The expert psychiatrist instructed by the Coroner considered that Phil had an independent mental health problem, and was suffering a relapse of psychotic symptoms. His decision to kill himself was an impulsive one which was probably caused by: (1) ongoing psychotic symptoms, particularly paranoia; and / or (2) methadone withdrawal symptoms. Phil would also likely have felt a sense of despair that no-one was helping him or attending to his needs.

Jury Conclusion

After nine days of evidence, the jury concluded that Phil died of suicide and his death was contributed to by neglect. The jury found that the following failings all probably made a material contribution to his death:

  1. Failure to undertake a specific risk assessment and create a treatment plan to deal to the risk of methadone withdrawal and the need to monitor for withdrawal symptoms.

  2. Failure to assess Phil for methadone withdrawal using an opiate withdrawal scale 4 times a day to monitor for withdrawal signs.

  3. Failure to ensure that the SBARS (shift handover documentation) contained specific reference to the need to observe Phil for methadone withdrawal.

  4. Failure to follow the observation policy and record adequate information in the observation log in relation to methadone withdrawal.

  5. Failure to act expeditiously or effectively when Phil repeatedly sought a review of his medication in general and in particular on the 15th April 2020 when he asked for Subutex.

  6. A lack of staff training about methadone withdrawal and dual diagnosis patients.

  7. Failure to undertake an adequate risk assessment and record a care plan to assess and manage Phil’s psychotic symptoms after the ward round on the 14th April 2020.

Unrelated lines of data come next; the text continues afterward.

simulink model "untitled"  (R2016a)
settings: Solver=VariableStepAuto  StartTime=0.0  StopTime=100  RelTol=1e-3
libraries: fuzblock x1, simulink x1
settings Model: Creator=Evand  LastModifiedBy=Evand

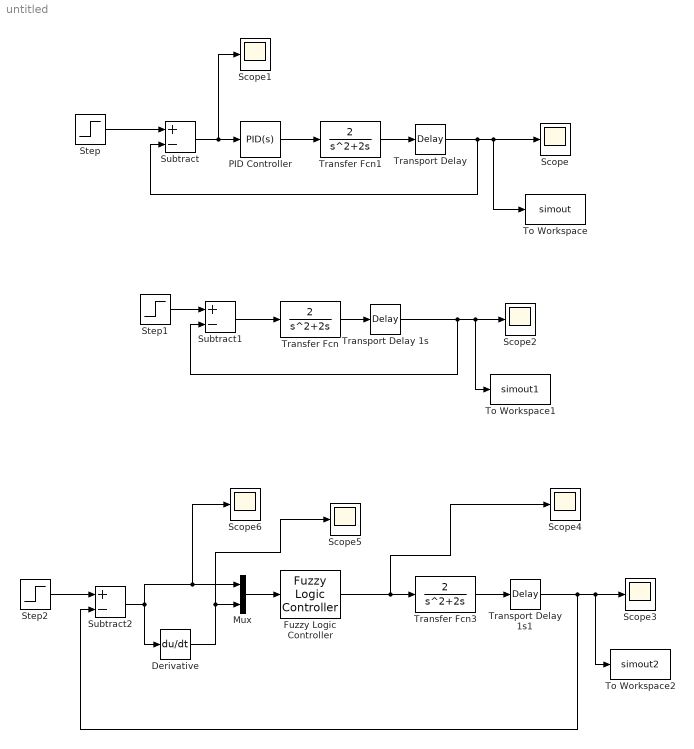
== system untitled ==
  Derivative : Derivative
  Fuzzy Logic Controller : fuzblock/Fuzzy Logic  Controller  fis='fuzzy.fis'
  Mux : Mux  Inputs=2
  PID Controller : simulink/Continuous/PID Controller  Controller=PID  TimeDomain=Continuous-time  SampleTime=-1  IntegratorMethod=Forward Euler  FilterMethod=Forward Euler  Form=Parallel  UseFilter=on  ControllerParametersSource=internal  P=0.8  I=0.1  D=1  N=100  InitialConditionSource=internal  InitialConditionForIntegrator=0  InitialConditionForFilter=0  ExternalReset=none  LimitOutput=off  UpperSaturationLimit=inf  LowerSaturationLimit=-inf  LinearizeAsGain=on  AntiWindupMode=none  Kb=1  TrackingMode=off  Kt=1  PParamMin=[]  PParamMax=[]  IParamMin=[]  IParamMax=[]  DParamMin=[]  DParamMax=[]  NParamMin=[]  NParamMax=[]  KbParamMin=[]  KbParamMax=[]  KtParamMin=[]  KtParamMax=[]  POutMin=[]  POutMax=[]  IOutMin=[]  IOutMax=[]  DOutMin=[]  DOutMax=[]  NOutMin=[]  NOutMax=[]  KbOutMin=[]  KbOutMax=[]  KtOutMin=[]  KtOutMax=[]  IntegratorOutMin=[]  IntegratorOutMax=[]  FilterOutMin=[]  FilterOutMax=[]  SumOutMin=[]  SumOutMax=[]  SumI1OutMin=[]  SumI1OutMax=[]  SumI2OutMin=[]  SumI2OutMax=[]  SumI3OutMin=[]  SumI3OutMax=[]  SumDOutMin=[]  SumDOutMax=[]  SaturationOutMin=[]  SaturationOutMax=[]  IntegratorContinuousStateAttributes=''  IntegratorStateMustResolveToSignalObject=off  IntegratorRTWStateStorageClass=Auto  FilterContinuousStateAttributes=''  FilterStateMustResolveToSignalObject=off  FilterRTWStateStorageClass=Auto  DifferentiatorICPrevScaledInput=0  DifferentiatorOutMin=[]  DifferentiatorOutMax=[]
  Scope{,1..6} (7 alike) : Scope
  Step : Step  Time=0  SampleTime=0
  Step1 : Step  Time=0  SampleTime=0
  Step2 : Step  Time=0  SampleTime=0
  Subtract : Sum  Inputs=+-
  Subtract1 : Sum  Inputs=+-
  Subtract2 : Sum  Inputs=+-
  To Workspace : ToWorkspace  VariableName=simout  SaveFormat=Timeseries  SampleTime=-1
  To Workspace1 : ToWorkspace  VariableName=simout1  SaveFormat=Timeseries  SampleTime=-1
  To Workspace2 : ToWorkspace  VariableName=simout2  SaveFormat=Timeseries  SampleTime=-1
  Transfer Fcn : TransferFcn  Numerator=[2]  Denominator=[1 2 0]
  Transfer Fcn1 : TransferFcn  Numerator=[2]  Denominator=[1 2 0]
  Transfer Fcn3 : TransferFcn  Numerator=[2]  Denominator=[1 2 0]
  Transport Delay : TransportDelay
  Transport Delay 1s : TransportDelay
  Transport Delay 1s1 : TransportDelay
  wires:
  Transfer Fcn/1 -> Transport Delay 1s/1
  Transport Delay 1s/1 -> Subtract1/2, To Workspace1/1, Scope2/1
  Step1/1 -> Subtract1/1
  Subtract1/1 -> Transfer Fcn/1
  Transfer Fcn1/1 -> Transport Delay/1
  Transport Delay/1 -> To Workspace/1, Scope/1, Subtract/2
  Step/1 -> Subtract/1
  Subtract/1 -> Scope1/1, PID Controller/1
  PID Controller/1 -> Transfer Fcn1/1
  Transfer Fcn3/1 -> Transport Delay 1s1/1
  Transport Delay 1s1/1 -> To Workspace2/1, Scope3/1, Subtract2/2
  Step2/1 -> Subtract2/1
  Subtract2/1 -> Derivative/1, Scope6/1, Mux/1
  Mux/1 -> Fuzzy Logic Controller/1
  Fuzzy Logic Controller/1 -> Scope4/1, Transfer Fcn3/1
  Derivative/1 -> Scope5/1, Mux/2

  8. Failure to ensure that the SBARs made specific reference to the need to observe Phil for psychotic symptoms.

  9. Failure to follow the observation policy and record adequate information in the observation log in relation to psychotic symptoms.

  10. Failure to escalate the psychotic presentation observed by staff on the 15th April 2020.

  11. Failure to engage sufficiently with Phil on a one-to-one basis to ensure that his needs were met and he felt reassured that his mental health and withdrawal symptoms would be addressed.

  12. A lack of staff training around the taking and recording of observations.

  13. A lack of time available to carry out observations.

  14. The unintentional creation of a ligature point by the cutting down of the toilet cubicle door stop in 2018.

In addition, the jury found that the following failings all possibly made a material contribution to Phil’s death:

  1. Failure to take advice from i-access Drug & Alcohol Service as a matter of urgency when Phil refused to continue to take methadone on admission to ACU.

  2. Failure to provide Phil with adequate mental health support by psychiatric liaison on either, or both, of the 3rd April 2020 or the 11th April 2020.

  3. Failure to provide adequate staffing on the ward to meet Phil’s needs.

The family was represented by Matthew Turner instructed by Elaine Macdonald and Lucinda Hawthorn of Tuckers Solicitors.

The Coroner was HM Assistant Coroner for Surrey, Caroline Topping. 

The other Interested Persons were Surrey and Borders Partnership Trust, Surrey County Council, and South East Coast Ambulance Service.